---- Records provided

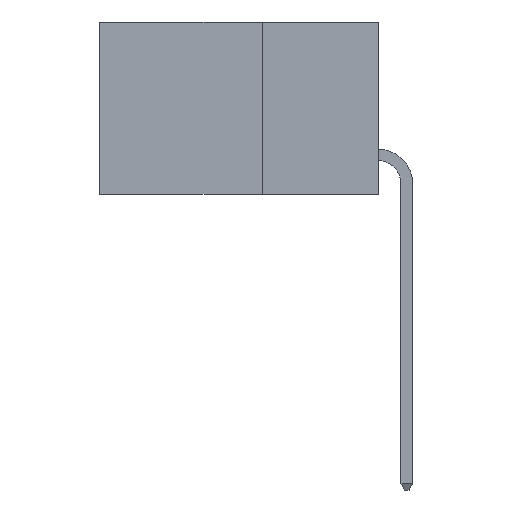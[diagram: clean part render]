
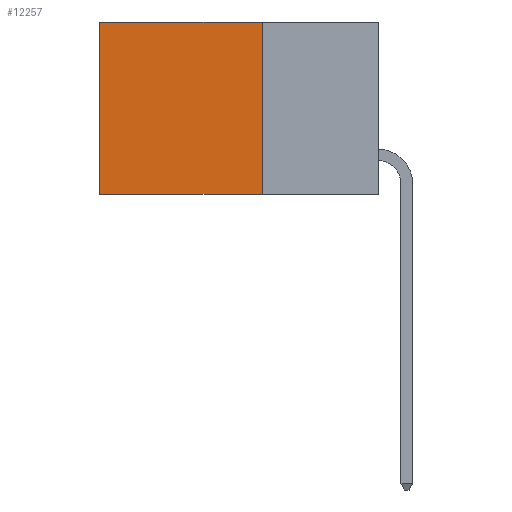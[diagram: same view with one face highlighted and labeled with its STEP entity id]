
A CAD part, left-side view. The second image highlights one B-rep face of the part: STEP entity #12257.
In plain terms, the highlighted planar face has unit normal (-1, 0, 0).
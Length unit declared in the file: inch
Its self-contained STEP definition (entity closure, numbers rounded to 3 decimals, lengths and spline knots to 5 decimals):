
#283 = VERTEX_POINT ( 'NONE', #16518 ) ;
#671 = VERTEX_POINT ( 'NONE', #5690 ) ;
#1839 = EDGE_CURVE ( 'NONE', #18393, #671, #9782, .T. ) ;
#2853 = CARTESIAN_POINT ( 'NONE',  ( 0.2615, 0.6, -0.37 ) ) ;
#3535 = LINE ( 'NONE', #2853, #7514 ) ;
#3626 = VERTEX_POINT ( 'NONE', #18668 ) ;
#4802 = ORIENTED_EDGE ( 'NONE', *, *, #16890, .T. ) ;
#5655 = VECTOR ( 'NONE', #10960, 39.37008 ) ;
#5690 = CARTESIAN_POINT ( 'NONE',  ( 0.2615, 0.6, 0. ) ) ;
#6858 = FACE_OUTER_BOUND ( 'NONE', #9411, .T. ) ;
#7514 = VECTOR ( 'NONE', #9599, 39.37008 ) ;
#8208 = DIRECTION ( 'NONE',  ( 0., 0., -1. ) ) ;
#8218 = AXIS2_PLACEMENT_3D ( 'NONE', #8706, #8337, #8208 ) ;
#8337 = DIRECTION ( 'NONE',  ( 1., 0., 0. ) ) ;
#8519 = PLANE ( 'NONE',  #8218 ) ;
#8706 = CARTESIAN_POINT ( 'NONE',  ( 0.2615, 0.25, -0.37 ) ) ;
#9411 = EDGE_LOOP ( 'NONE', ( #4802, #15882, #11362, #10490 ) ) ;
#9599 = DIRECTION ( 'NONE',  ( 0., 0., -1. ) ) ;
#9782 = LINE ( 'NONE', #11077, #17967 ) ;
#10031 = DIRECTION ( 'NONE',  ( 0., 1., 0. ) ) ;
#10490 = ORIENTED_EDGE ( 'NONE', *, *, #1839, .T. ) ;
#10688 = LINE ( 'NONE', #19109, #5655 ) ;
#10960 = DIRECTION ( 'NONE',  ( 0., 0., -1. ) ) ;
#11077 = CARTESIAN_POINT ( 'NONE',  ( 0.2615, 0.25, 0. ) ) ;
#11362 = ORIENTED_EDGE ( 'NONE', *, *, #15945, .F. ) ;
#11850 = CARTESIAN_POINT ( 'NONE',  ( 0.2615, 0.25, 0. ) ) ;
#12257 = ADVANCED_FACE ( 'NONE', ( #6858 ), #8519, .F. ) ;
#14390 = DIRECTION ( 'NONE',  ( 0., 1., 0. ) ) ;
#14691 = EDGE_CURVE ( 'NONE', #283, #3626, #18409, .T. ) ;
#15882 = ORIENTED_EDGE ( 'NONE', *, *, #14691, .F. ) ;
#15945 = EDGE_CURVE ( 'NONE', #18393, #283, #10688, .T. ) ;
#16028 = CARTESIAN_POINT ( 'NONE',  ( 0.2615, 0.25, -0.37 ) ) ;
#16518 = CARTESIAN_POINT ( 'NONE',  ( 0.2615, 0.25, -0.37 ) ) ;
#16890 = EDGE_CURVE ( 'NONE', #671, #3626, #3535, .T. ) ;
#17880 = VECTOR ( 'NONE', #14390, 39.37008 ) ;
#17967 = VECTOR ( 'NONE', #10031, 39.37008 ) ;
#18393 = VERTEX_POINT ( 'NONE', #11850 ) ;
#18409 = LINE ( 'NONE', #16028, #17880 ) ;
#18668 = CARTESIAN_POINT ( 'NONE',  ( 0.2615, 0.6, -0.37 ) ) ;
#19109 = CARTESIAN_POINT ( 'NONE',  ( 0.2615, 0.25, -0.37 ) ) ;

--------

Quote the listing above, but only from the line that shows "#8337 = DIRECTION" through the line that shows "#18409 = LINE ( 'NONE', #16028, #17880 ) ;".

#8337 = DIRECTION ( 'NONE',  ( 1., 0., 0. ) ) ;
#8519 = PLANE ( 'NONE',  #8218 ) ;
#8706 = CARTESIAN_POINT ( 'NONE',  ( 0.2615, 0.25, -0.37 ) ) ;
#9411 = EDGE_LOOP ( 'NONE', ( #4802, #15882, #11362, #10490 ) ) ;
#9599 = DIRECTION ( 'NONE',  ( 0., 0., -1. ) ) ;
#9782 = LINE ( 'NONE', #11077, #17967 ) ;
#10031 = DIRECTION ( 'NONE',  ( 0., 1., 0. ) ) ;
#10490 = ORIENTED_EDGE ( 'NONE', *, *, #1839, .T. ) ;
#10688 = LINE ( 'NONE', #19109, #5655 ) ;
#10960 = DIRECTION ( 'NONE',  ( 0., 0., -1. ) ) ;
#11077 = CARTESIAN_POINT ( 'NONE',  ( 0.2615, 0.25, 0. ) ) ;
#11362 = ORIENTED_EDGE ( 'NONE', *, *, #15945, .F. ) ;
#11850 = CARTESIAN_POINT ( 'NONE',  ( 0.2615, 0.25, 0. ) ) ;
#12257 = ADVANCED_FACE ( 'NONE', ( #6858 ), #8519, .F. ) ;
#14390 = DIRECTION ( 'NONE',  ( 0., 1., 0. ) ) ;
#14691 = EDGE_CURVE ( 'NONE', #283, #3626, #18409, .T. ) ;
#15882 = ORIENTED_EDGE ( 'NONE', *, *, #14691, .F. ) ;
#15945 = EDGE_CURVE ( 'NONE', #18393, #283, #10688, .T. ) ;
#16028 = CARTESIAN_POINT ( 'NONE',  ( 0.2615, 0.25, -0.37 ) ) ;
#16518 = CARTESIAN_POINT ( 'NONE',  ( 0.2615, 0.25, -0.37 ) ) ;
#16890 = EDGE_CURVE ( 'NONE', #671, #3626, #3535, .T. ) ;
#17880 = VECTOR ( 'NONE', #14390, 39.37008 ) ;
#17967 = VECTOR ( 'NONE', #10031, 39.37008 ) ;
#18393 = VERTEX_POINT ( 'NONE', #11850 ) ;
#18409 = LINE ( 'NONE', #16028, #17880 ) ;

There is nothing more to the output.